Question

Suppose, the electron in a hydrogen atom makes transition from n = 3 to n = 2 in 10−8 s. The order of the torque acting on the electron in this period, using the relation between torque and angular momentum as discussed in the chapter on rotational mechanics is
(a) 10−34 N m
(b) 10−24 N m
(c) 10−42 N m
(d) 10−8 N m

Answer 1

The order of torque acting on the electron in this period is c) $10^{-42}\ Nm$  

Explanation:

The angular momentum of the torque is given as follows  

 Ln=$\frac{nh}{2\pi }$        --------(1)  

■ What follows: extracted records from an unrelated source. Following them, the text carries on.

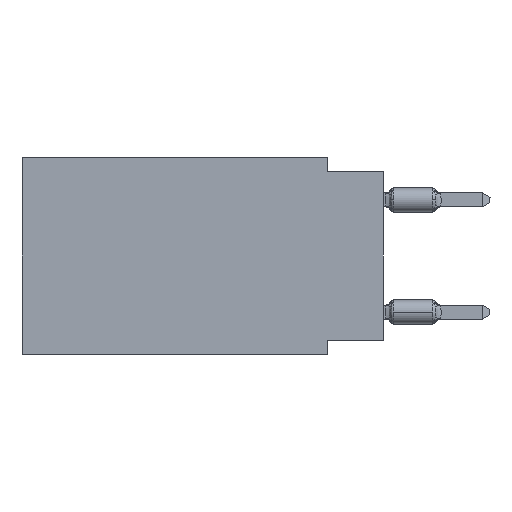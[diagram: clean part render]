
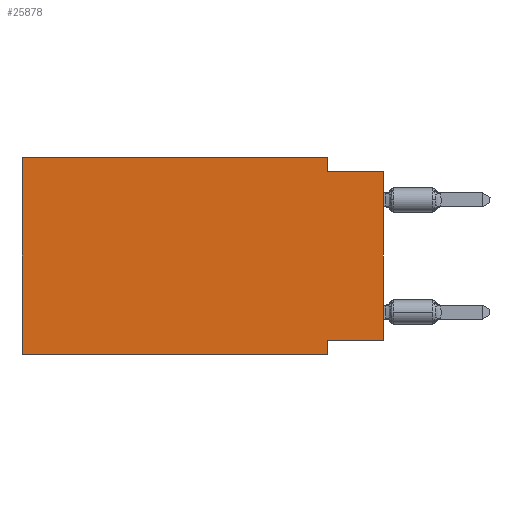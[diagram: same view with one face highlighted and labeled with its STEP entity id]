
A CAD part, left-side view. The second image highlights one B-rep face of the part: STEP entity #25878.
In plain terms, the highlighted planar face has unit normal (-1, 0, 0).
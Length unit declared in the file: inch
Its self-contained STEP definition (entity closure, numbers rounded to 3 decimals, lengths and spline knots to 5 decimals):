
#459 = LINE ( 'NONE', #15886, #12569 ) ;
#503 = CARTESIAN_POINT ( 'NONE',  ( 0., 0.645, 0. ) ) ;
#1618 = VERTEX_POINT ( 'NONE', #39519 ) ;
#2781 = DIRECTION ( 'NONE',  ( 1., 0., 0. ) ) ;
#2842 = EDGE_CURVE ( 'NONE', #16181, #20955, #35801, .T. ) ;
#3133 = CARTESIAN_POINT ( 'NONE',  ( 0., 0.645, -0.35 ) ) ;
#3849 = ORIENTED_EDGE ( 'NONE', *, *, #14601, .F. ) ;
#4282 = VECTOR ( 'NONE', #31570, 39.37008 ) ;
#4504 = CARTESIAN_POINT ( 'NONE',  ( 0., 0.645, 0. ) ) ;
#5492 = VERTEX_POINT ( 'NONE', #18518 ) ;
#5761 = DIRECTION ( 'NONE',  ( 0., 0., 1. ) ) ;
#6330 = FACE_OUTER_BOUND ( 'NONE', #22185, .T. ) ;
#6799 = VECTOR ( 'NONE', #5761, 39.37008 ) ;
#9373 = ORIENTED_EDGE ( 'NONE', *, *, #35524, .T. ) ;
#9793 = VECTOR ( 'NONE', #19655, 39.37008 ) ;
#10324 = LINE ( 'NONE', #29516, #33931 ) ;
#10790 = LINE ( 'NONE', #30730, #22455 ) ;
#10962 = LINE ( 'NONE', #3133, #46129 ) ;
#11414 = ORIENTED_EDGE ( 'NONE', *, *, #23850, .F. ) ;
#11577 = DIRECTION ( 'NONE',  ( 0., -1., 0. ) ) ;
#11791 = LINE ( 'NONE', #42364, #16574 ) ;
#12569 = VECTOR ( 'NONE', #11577, 39.37008 ) ;
#13512 = VERTEX_POINT ( 'NONE', #33440 ) ;
#13609 = CARTESIAN_POINT ( 'NONE',  ( 0., 0., 0. ) ) ;
#14601 = EDGE_CURVE ( 'NONE', #24563, #5492, #459, .T. ) ;
#15886 = CARTESIAN_POINT ( 'NONE',  ( 0., 0., -0.025 ) ) ;
#16181 = VERTEX_POINT ( 'NONE', #503 ) ;
#16574 = VECTOR ( 'NONE', #49685, 39.37008 ) ;
#16679 = LINE ( 'NONE', #20715, #4282 ) ;
#17562 = ORIENTED_EDGE ( 'NONE', *, *, #2842, .F. ) ;
#17713 = PLANE ( 'NONE',  #24439 ) ;
#17925 = EDGE_CURVE ( 'NONE', #36733, #35062, #16679, .T. ) ;
#18192 = DIRECTION ( 'NONE',  ( 0., 0., -1. ) ) ;
#18518 = CARTESIAN_POINT ( 'NONE',  ( 0., 0., -0.025 ) ) ;
#19655 = DIRECTION ( 'NONE',  ( 0., -1., 0. ) ) ;
#20715 = CARTESIAN_POINT ( 'NONE',  ( 0., 0., -0.325 ) ) ;
#20729 = ORIENTED_EDGE ( 'NONE', *, *, #17925, .F. ) ;
#20955 = VERTEX_POINT ( 'NONE', #44833 ) ;
#22185 = EDGE_LOOP ( 'NONE', ( #29397, #3849, #11414, #17562, #41477, #9373, #33071, #20729 ) ) ;
#22455 = VECTOR ( 'NONE', #46441, 39.37008 ) ;
#23850 = EDGE_CURVE ( 'NONE', #20955, #24563, #10324, .T. ) ;
#24439 = AXIS2_PLACEMENT_3D ( 'NONE', #28828, #2781, #18192 ) ;
#24563 = VERTEX_POINT ( 'NONE', #48604 ) ;
#25878 = ADVANCED_FACE ( 'NONE', ( #6330 ), #17713, .F. ) ;
#28828 = CARTESIAN_POINT ( 'NONE',  ( 0., 0.645, 0. ) ) ;
#29397 = ORIENTED_EDGE ( 'NONE', *, *, #37106, .T. ) ;
#29516 = CARTESIAN_POINT ( 'NONE',  ( 0., 0.1, 0. ) ) ;
#30500 = EDGE_CURVE ( 'NONE', #1618, #16181, #10790, .T. ) ;
#30730 = CARTESIAN_POINT ( 'NONE',  ( 0., 0.645, 0. ) ) ;
#31570 = DIRECTION ( 'NONE',  ( 0., 1., 0. ) ) ;
#32858 = CARTESIAN_POINT ( 'NONE',  ( 0., 0., -0.325 ) ) ;
#33071 = ORIENTED_EDGE ( 'NONE', *, *, #45703, .F. ) ;
#33440 = CARTESIAN_POINT ( 'NONE',  ( 0., 0.1, -0.35 ) ) ;
#33931 = VECTOR ( 'NONE', #48979, 39.37008 ) ;
#35062 = VERTEX_POINT ( 'NONE', #48462 ) ;
#35524 = EDGE_CURVE ( 'NONE', #1618, #13512, #10962, .T. ) ;
#35801 = LINE ( 'NONE', #4504, #9793 ) ;
#36733 = VERTEX_POINT ( 'NONE', #32858 ) ;
#37106 = EDGE_CURVE ( 'NONE', #36733, #5492, #40622, .T. ) ;
#39519 = CARTESIAN_POINT ( 'NONE',  ( 0., 0.645, -0.35 ) ) ;
#40622 = LINE ( 'NONE', #13609, #6799 ) ;
#41477 = ORIENTED_EDGE ( 'NONE', *, *, #30500, .F. ) ;
#42024 = DIRECTION ( 'NONE',  ( 0., -1., 0. ) ) ;
#42364 = CARTESIAN_POINT ( 'NONE',  ( 0., 0.1, -0.35 ) ) ;
#44833 = CARTESIAN_POINT ( 'NONE',  ( 0., 0.1, 0. ) ) ;
#45703 = EDGE_CURVE ( 'NONE', #35062, #13512, #11791, .T. ) ;
#46129 = VECTOR ( 'NONE', #42024, 39.37008 ) ;
#46441 = DIRECTION ( 'NONE',  ( 0., 0., 1. ) ) ;
#48462 = CARTESIAN_POINT ( 'NONE',  ( 0., 0.1, -0.325 ) ) ;
#48604 = CARTESIAN_POINT ( 'NONE',  ( 0., 0.1, -0.025 ) ) ;
#48979 = DIRECTION ( 'NONE',  ( 0., 0., -1. ) ) ;
#49685 = DIRECTION ( 'NONE',  ( 0., 0., -1. ) ) ;
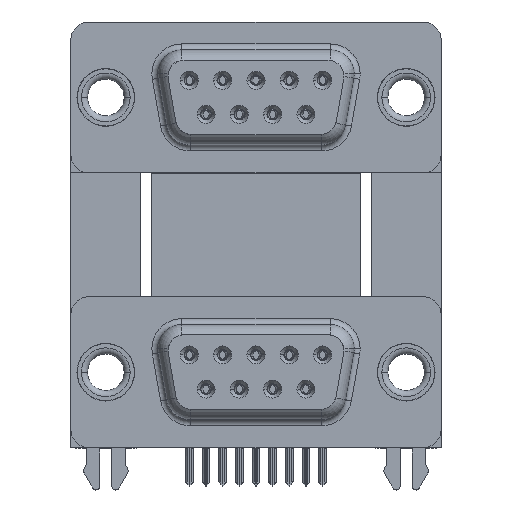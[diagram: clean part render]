
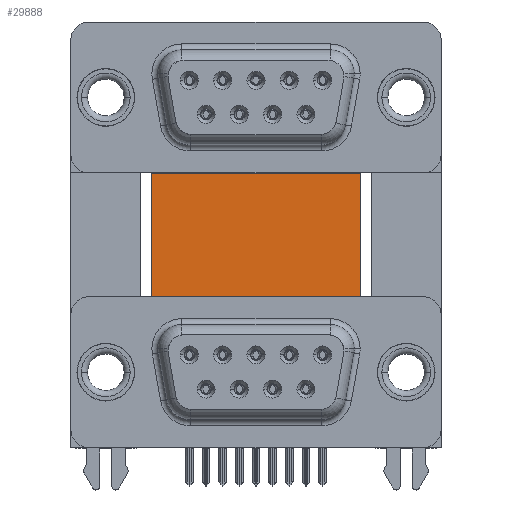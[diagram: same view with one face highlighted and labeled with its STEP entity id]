
A CAD part, top view. The second image highlights one B-rep face of the part: STEP entity #29888.
In plain terms, the highlighted planar face has unit normal (0, 0, 1).
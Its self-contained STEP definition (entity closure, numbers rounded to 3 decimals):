
#762 = DIRECTION ( 'NONE',  ( 0., 1., 0. ) ) ;
#910 = LINE ( 'NONE', #7417, #30728 ) ;
#1154 = VECTOR ( 'NONE', #30667, 1000. ) ;
#1589 = VECTOR ( 'NONE', #33007, 1000. ) ;
#2778 = LINE ( 'NONE', #18716, #17822 ) ;
#4609 = VERTEX_POINT ( 'NONE', #12756 ) ;
#4834 = CARTESIAN_POINT ( 'NONE',  ( 22.09, -4.635, -12. ) ) ;
#5072 = LINE ( 'NONE', #11342, #1154 ) ;
#5313 = CARTESIAN_POINT ( 'NONE',  ( 21.2, -0.735, -12. ) ) ;
#5331 = VECTOR ( 'NONE', #762, 1000. ) ;
#6231 = EDGE_CURVE ( 'NONE', #4609, #38582, #14343, .T. ) ;
#6615 = VECTOR ( 'NONE', #34307, 1000. ) ;
#6834 = ORIENTED_EDGE ( 'NONE', *, *, #28015, .T. ) ;
#7417 = CARTESIAN_POINT ( 'NONE',  ( 3.79, 16.585, -12. ) ) ;
#7664 = DIRECTION ( 'NONE',  ( 0., 0., -1. ) ) ;
#9625 = EDGE_CURVE ( 'NONE', #38582, #23876, #10554, .T. ) ;
#10554 = LINE ( 'NONE', #20588, #1589 ) ;
#10595 = CARTESIAN_POINT ( 'NONE',  ( 2.4, -4.635, -12. ) ) ;
#11205 = CARTESIAN_POINT ( 'NONE',  ( 3.79, -3.735, -12. ) ) ;
#11342 = CARTESIAN_POINT ( 'NONE',  ( 22.09, -4.635, -12. ) ) ;
#12598 = EDGE_CURVE ( 'NONE', #22747, #17059, #21968, .T. ) ;
#12756 = CARTESIAN_POINT ( 'NONE',  ( 2.9, -3.735, -12. ) ) ;
#14343 = LINE ( 'NONE', #11205, #6615 ) ;
#14985 = ORIENTED_EDGE ( 'NONE', *, *, #6231, .T. ) ;
#15130 = DIRECTION ( 'NONE',  ( 1., 0., 0. ) ) ;
#16033 = EDGE_CURVE ( 'NONE', #26922, #24765, #2778, .T. ) ;
#16305 = CARTESIAN_POINT ( 'NONE',  ( 3.79, 16.585, -12. ) ) ;
#16808 = CARTESIAN_POINT ( 'NONE',  ( 22.09, -3.735, -12. ) ) ;
#17059 = VERTEX_POINT ( 'NONE', #5313 ) ;
#17149 = EDGE_CURVE ( 'NONE', #25368, #22747, #31936, .T. ) ;
#17822 = VECTOR ( 'NONE', #15130, 1000. ) ;
#18203 = ORIENTED_EDGE ( 'NONE', *, *, #25774, .T. ) ;
#18291 = DIRECTION ( 'NONE',  ( 1., 0., 0. ) ) ;
#18716 = CARTESIAN_POINT ( 'NONE',  ( 2.9, -4.635, -12. ) ) ;
#19024 = ORIENTED_EDGE ( 'NONE', *, *, #19608, .T. ) ;
#19530 = VERTEX_POINT ( 'NONE', #22541 ) ;
#19608 = EDGE_CURVE ( 'NONE', #19530, #26922, #30434, .T. ) ;
#19627 = CARTESIAN_POINT ( 'NONE',  ( 2.9, -4.635, -12. ) ) ;
#19813 = CARTESIAN_POINT ( 'NONE',  ( 3.79, 16.585, -12. ) ) ;
#19907 = EDGE_LOOP ( 'NONE', ( #14985, #35361, #18203, #39650, #30690, #20499, #6834, #19024, #37350, #37380 ) ) ;
#20499 = ORIENTED_EDGE ( 'NONE', *, *, #17149, .F. ) ;
#20588 = CARTESIAN_POINT ( 'NONE',  ( 22.09, -3.735, -12. ) ) ;
#20628 = AXIS2_PLACEMENT_3D ( 'NONE', #19813, #7664, #23586 ) ;
#21318 = CARTESIAN_POINT ( 'NONE',  ( 22.59, -4.635, -12. ) ) ;
#21749 = CARTESIAN_POINT ( 'NONE',  ( 21.2, 16.585, -12. ) ) ;
#21968 = LINE ( 'NONE', #21749, #36156 ) ;
#22380 = DIRECTION ( 'NONE',  ( 0., -1., 0. ) ) ;
#22396 = VECTOR ( 'NONE', #24322, 1000. ) ;
#22541 = CARTESIAN_POINT ( 'NONE',  ( 3.79, -0.735, -12. ) ) ;
#22747 = VERTEX_POINT ( 'NONE', #36114 ) ;
#23345 = DIRECTION ( 'NONE',  ( 0., -1., 0. ) ) ;
#23586 = DIRECTION ( 'NONE',  ( -1., 0., 0. ) ) ;
#23591 = CARTESIAN_POINT ( 'NONE',  ( 2.9, -3.735, -12. ) ) ;
#23876 = VERTEX_POINT ( 'NONE', #4834 ) ;
#23898 = VECTOR ( 'NONE', #18291, 1000. ) ;
#24322 = DIRECTION ( 'NONE',  ( -0.336, -0.942, 0. ) ) ;
#24600 = EDGE_CURVE ( 'NONE', #27516, #17059, #34154, .T. ) ;
#24765 = VERTEX_POINT ( 'NONE', #19627 ) ;
#25368 = VERTEX_POINT ( 'NONE', #16305 ) ;
#25774 = EDGE_CURVE ( 'NONE', #23876, #27516, #5072, .T. ) ;
#26129 = LINE ( 'NONE', #23591, #5331 ) ;
#26922 = VERTEX_POINT ( 'NONE', #10595 ) ;
#27516 = VERTEX_POINT ( 'NONE', #38760 ) ;
#27826 = DIRECTION ( 'NONE',  ( -0.336, 0.942, 0. ) ) ;
#28015 = EDGE_CURVE ( 'NONE', #25368, #19530, #910, .T. ) ;
#29672 = PLANE ( 'NONE',  #20628 ) ;
#29888 = ADVANCED_FACE ( 'NONE', ( #32851 ), #29672, .F. ) ;
#30434 = LINE ( 'NONE', #33598, #22396 ) ;
#30667 = DIRECTION ( 'NONE',  ( 1., 0., 0. ) ) ;
#30690 = ORIENTED_EDGE ( 'NONE', *, *, #12598, .F. ) ;
#30728 = VECTOR ( 'NONE', #23345, 1000. ) ;
#31014 = EDGE_CURVE ( 'NONE', #24765, #4609, #26129, .T. ) ;
#31936 = LINE ( 'NONE', #41002, #23898 ) ;
#32851 = FACE_OUTER_BOUND ( 'NONE', #19907, .T. ) ;
#33007 = DIRECTION ( 'NONE',  ( 0., -1., 0. ) ) ;
#33598 = CARTESIAN_POINT ( 'NONE',  ( 2.4, -4.635, -12. ) ) ;
#34154 = LINE ( 'NONE', #21318, #38109 ) ;
#34307 = DIRECTION ( 'NONE',  ( 1., 0., 0. ) ) ;
#35361 = ORIENTED_EDGE ( 'NONE', *, *, #9625, .T. ) ;
#36114 = CARTESIAN_POINT ( 'NONE',  ( 21.2, 16.585, -12. ) ) ;
#36156 = VECTOR ( 'NONE', #22380, 1000. ) ;
#37350 = ORIENTED_EDGE ( 'NONE', *, *, #16033, .T. ) ;
#37380 = ORIENTED_EDGE ( 'NONE', *, *, #31014, .T. ) ;
#38109 = VECTOR ( 'NONE', #27826, 1000. ) ;
#38582 = VERTEX_POINT ( 'NONE', #16808 ) ;
#38760 = CARTESIAN_POINT ( 'NONE',  ( 22.59, -4.635, -12. ) ) ;
#39650 = ORIENTED_EDGE ( 'NONE', *, *, #24600, .T. ) ;
#41002 = CARTESIAN_POINT ( 'NONE',  ( 3.79, 16.585, -12. ) ) ;

Substituting n=3 in the equation (1) we get,

 L3=$\frac{3h}{2\pi }$

And substituting n=2 in equation (1) we get,

L2=$\frac{2h}{2\pi }$

Now torque (τ) is given by t= $\frac{L3-L2}{t}$   where t = $10^{-8}$

Hence we get torque (τ) = $10^{-42}$$(10^{-8})$ = $10^{-42}\ Nm$.

Hence the correct answer is $10^{-42}\ Nm$

Answer 2

Answer:

the answer is (b)10^-24Nm

Explanation:

according to the rotational mechanics the torque acting will be = dL/dt

dL= L3-L2

Ln=nh2π,

L2=2h/2π; L3=3h/2π

L3-L2= (3-2)h/2π

         =h/2π≅10^-34s

so substituting this value we get,

τ= 10^-34/10^-8 = 10^-34+8 = 10^-26 Nm≅10^-24N m.